Quantitative genetics back from the grave

Edinburgh has sometimes had an uncomfortable relationship with science, as the infamous case of 19th century murderers Burke and Hare attests. Despite this, scientists from disparate disciplines converged on the city last week to perform a 30 year post-mortem on the field of quantitative genetics – and declare it alive and well.

The 4th International Conference on Quantitative Genetics was opened by renowned Edinburgh geneticist Bill Hill, who gave a lucid dissection of the field throughout its 100 year history, outlining how recent advances into the territories of evolutionary and breeding genetics suggest that declarations of the death of the discipline have been greatly exaggerated.

Edinburgh can rightly claim to have pedigree in this field. In the conference’s opening address, Bruce Walsh of the University of Arizona paid tribute to a city which produced perhaps the first quantitative genetics paper in 1867, by one Henry Charles Fleeming Jenkin, who chose to take Charles Darwin to task about the assumptions underlying his famous treatise on natural selection.

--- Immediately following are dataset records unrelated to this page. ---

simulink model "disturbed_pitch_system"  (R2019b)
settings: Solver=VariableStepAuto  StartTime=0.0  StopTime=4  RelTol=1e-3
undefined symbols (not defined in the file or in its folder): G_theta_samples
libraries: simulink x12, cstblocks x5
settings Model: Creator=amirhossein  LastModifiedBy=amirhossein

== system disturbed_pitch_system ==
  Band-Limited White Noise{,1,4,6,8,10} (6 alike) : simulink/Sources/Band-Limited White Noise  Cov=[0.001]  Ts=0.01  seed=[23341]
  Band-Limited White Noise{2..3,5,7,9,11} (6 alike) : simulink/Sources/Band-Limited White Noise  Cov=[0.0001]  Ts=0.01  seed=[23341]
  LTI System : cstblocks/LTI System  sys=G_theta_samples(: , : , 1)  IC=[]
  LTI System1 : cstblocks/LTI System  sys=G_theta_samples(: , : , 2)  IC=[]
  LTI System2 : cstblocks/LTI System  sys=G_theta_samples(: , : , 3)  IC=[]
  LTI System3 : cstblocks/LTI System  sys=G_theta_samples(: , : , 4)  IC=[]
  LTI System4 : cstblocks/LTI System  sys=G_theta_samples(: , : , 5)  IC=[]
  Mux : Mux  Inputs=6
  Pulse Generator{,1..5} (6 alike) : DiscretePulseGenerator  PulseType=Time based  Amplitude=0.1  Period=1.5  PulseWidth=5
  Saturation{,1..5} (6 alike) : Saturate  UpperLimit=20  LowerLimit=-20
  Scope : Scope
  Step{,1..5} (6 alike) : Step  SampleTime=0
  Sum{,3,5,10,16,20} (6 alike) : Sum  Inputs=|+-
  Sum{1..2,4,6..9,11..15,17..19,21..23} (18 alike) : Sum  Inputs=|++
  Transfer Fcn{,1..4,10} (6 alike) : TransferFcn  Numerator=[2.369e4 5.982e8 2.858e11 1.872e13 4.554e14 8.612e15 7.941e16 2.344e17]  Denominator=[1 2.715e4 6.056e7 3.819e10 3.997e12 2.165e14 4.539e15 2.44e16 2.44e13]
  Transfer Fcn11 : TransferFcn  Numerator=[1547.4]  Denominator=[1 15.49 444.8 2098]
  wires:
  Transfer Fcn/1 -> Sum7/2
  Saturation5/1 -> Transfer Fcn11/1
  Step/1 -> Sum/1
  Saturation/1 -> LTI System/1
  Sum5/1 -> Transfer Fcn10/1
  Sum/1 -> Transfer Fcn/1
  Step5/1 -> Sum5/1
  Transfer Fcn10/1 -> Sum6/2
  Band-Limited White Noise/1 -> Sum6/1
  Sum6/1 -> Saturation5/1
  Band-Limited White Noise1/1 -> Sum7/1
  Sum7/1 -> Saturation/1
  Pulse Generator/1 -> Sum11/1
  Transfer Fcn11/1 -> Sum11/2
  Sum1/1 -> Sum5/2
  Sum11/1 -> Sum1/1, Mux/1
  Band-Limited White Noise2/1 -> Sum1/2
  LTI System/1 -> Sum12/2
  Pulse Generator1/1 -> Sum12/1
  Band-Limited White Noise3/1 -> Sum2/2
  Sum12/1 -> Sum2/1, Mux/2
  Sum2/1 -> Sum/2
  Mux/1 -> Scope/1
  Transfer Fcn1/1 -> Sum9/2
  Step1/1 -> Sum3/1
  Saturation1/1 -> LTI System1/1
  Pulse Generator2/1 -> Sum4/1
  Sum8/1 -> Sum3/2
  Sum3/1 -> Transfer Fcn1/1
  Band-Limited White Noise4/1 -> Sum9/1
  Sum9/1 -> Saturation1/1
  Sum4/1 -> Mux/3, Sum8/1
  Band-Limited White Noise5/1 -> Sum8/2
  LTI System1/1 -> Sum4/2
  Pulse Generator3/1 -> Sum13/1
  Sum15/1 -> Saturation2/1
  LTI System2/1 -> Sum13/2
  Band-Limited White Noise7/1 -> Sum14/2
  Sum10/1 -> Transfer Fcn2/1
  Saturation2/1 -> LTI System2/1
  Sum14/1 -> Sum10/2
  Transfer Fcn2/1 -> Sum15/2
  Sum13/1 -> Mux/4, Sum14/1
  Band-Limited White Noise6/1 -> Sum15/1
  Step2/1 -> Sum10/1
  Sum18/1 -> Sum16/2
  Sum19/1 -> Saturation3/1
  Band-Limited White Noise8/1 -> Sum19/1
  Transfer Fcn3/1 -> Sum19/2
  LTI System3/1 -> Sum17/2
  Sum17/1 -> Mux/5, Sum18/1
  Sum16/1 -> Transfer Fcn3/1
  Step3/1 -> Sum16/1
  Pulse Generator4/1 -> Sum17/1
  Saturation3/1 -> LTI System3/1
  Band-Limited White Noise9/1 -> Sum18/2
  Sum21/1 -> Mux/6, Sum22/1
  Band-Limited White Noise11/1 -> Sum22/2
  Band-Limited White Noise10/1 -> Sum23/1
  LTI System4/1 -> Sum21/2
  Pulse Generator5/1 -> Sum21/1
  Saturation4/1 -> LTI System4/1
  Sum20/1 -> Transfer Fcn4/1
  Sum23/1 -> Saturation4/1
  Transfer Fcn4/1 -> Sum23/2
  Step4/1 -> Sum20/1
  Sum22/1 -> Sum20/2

Seminal works by RA Fisher published by the Royal Society of Edinburgh, and local resident CH Waddington’s work on the concept of canalization, underscore just how appropriate it was for the long-awaited reconvening of this conference to take place in Scotland’s capital after a 5 year hiatus.

Data sharing scales up

Walsh argues that recent developments in the tools of molecular genetics have served to enhance—rather than supplant—those of quantitative genetics, opening up new possibilities for the discipline that were previously inconceivable. This, together with increased collaboration among disparate fields, means that these are exciting times for established researchers and the next generation alike.

A capacity for collaboration was also at the heart of an engaging account of the history and success of the human genome project by the recipient of this year’s Genetics Society Mendel Medal, Eric Lander, from the Broad Institute at MIT. In his prize lecture, Lander outlined how the greatest legacy of the project remains that of what can be achieved when data sharing, openness, and the free-flow of ideas occurs on a massive scale: a feat previously unprecedented in science.

Such a sentiment was echoed by other speakers such as Matt Hurles from the Sanger Institute. Discussing variation in the genome and how emerging techniques are being used to investigate the clinical basis of human developmental disorders, Hurles stated strongly “It is critically important that we share data and collaborate internationally”.

New challenges

As little as 30 years ago, the scale of data now being accumulated in genetics and genomics was inconceivable. However, unlike some disciplines grappling with the current data deluge, the bottleneck in quantitative genetics is focused firmly on phenotyping.

This brings the field full circle from the days when genotyping was the great limiting factor, and was highlighted by Ed Buckler of the USDA as one of the biggest challenges facing quantitative geneticists over the next decade.

Through a global sequencing effort to unite the world’s germplasm diversity in maize, Buckler outlined that although next-generation approaches can be utilised to understand genomic diversity in an unprecedented level of detail, selective breeding programmes in this crop are still currently falling well short of their theoretical maximum. However, current efforts to biofortify maize crops for Vitamin A do look set to benefit developing countries greatly through targeted programmes for nutrient-deficient nations.

Work such as this highlights beautifully how advances in our understanding of quantitative traits may be translated directly into societal benefits, and will continue to do so for the foreseeable future.

Healthy heights

The breadth of sessions spanning the conference week was a clear demonstration of the health of the field, with sessions covering topics from evolutionary quantitative genetics and genetic architecture, to the latest advances in statistical methods and bridging the genotype-phenotype gap.

It also became clear how novel advances can shed new light on classical problems. Francis Galton’s 19th century studies on the heritability of human height is perhaps the archetypal student’s introduction to the quantitative genetics of complex traits. Peter Visscher from the University of Queensland revisits this work in the age of genomics, using sample sizes that would have been unthinkable in Galton’s time. Large-scale studies like this and the huge diversity of leading-edge research on show in Edinburgh certainly appears to be proof enough that the current field of quantitative genetics is not just not dead, it’s positively walking tall.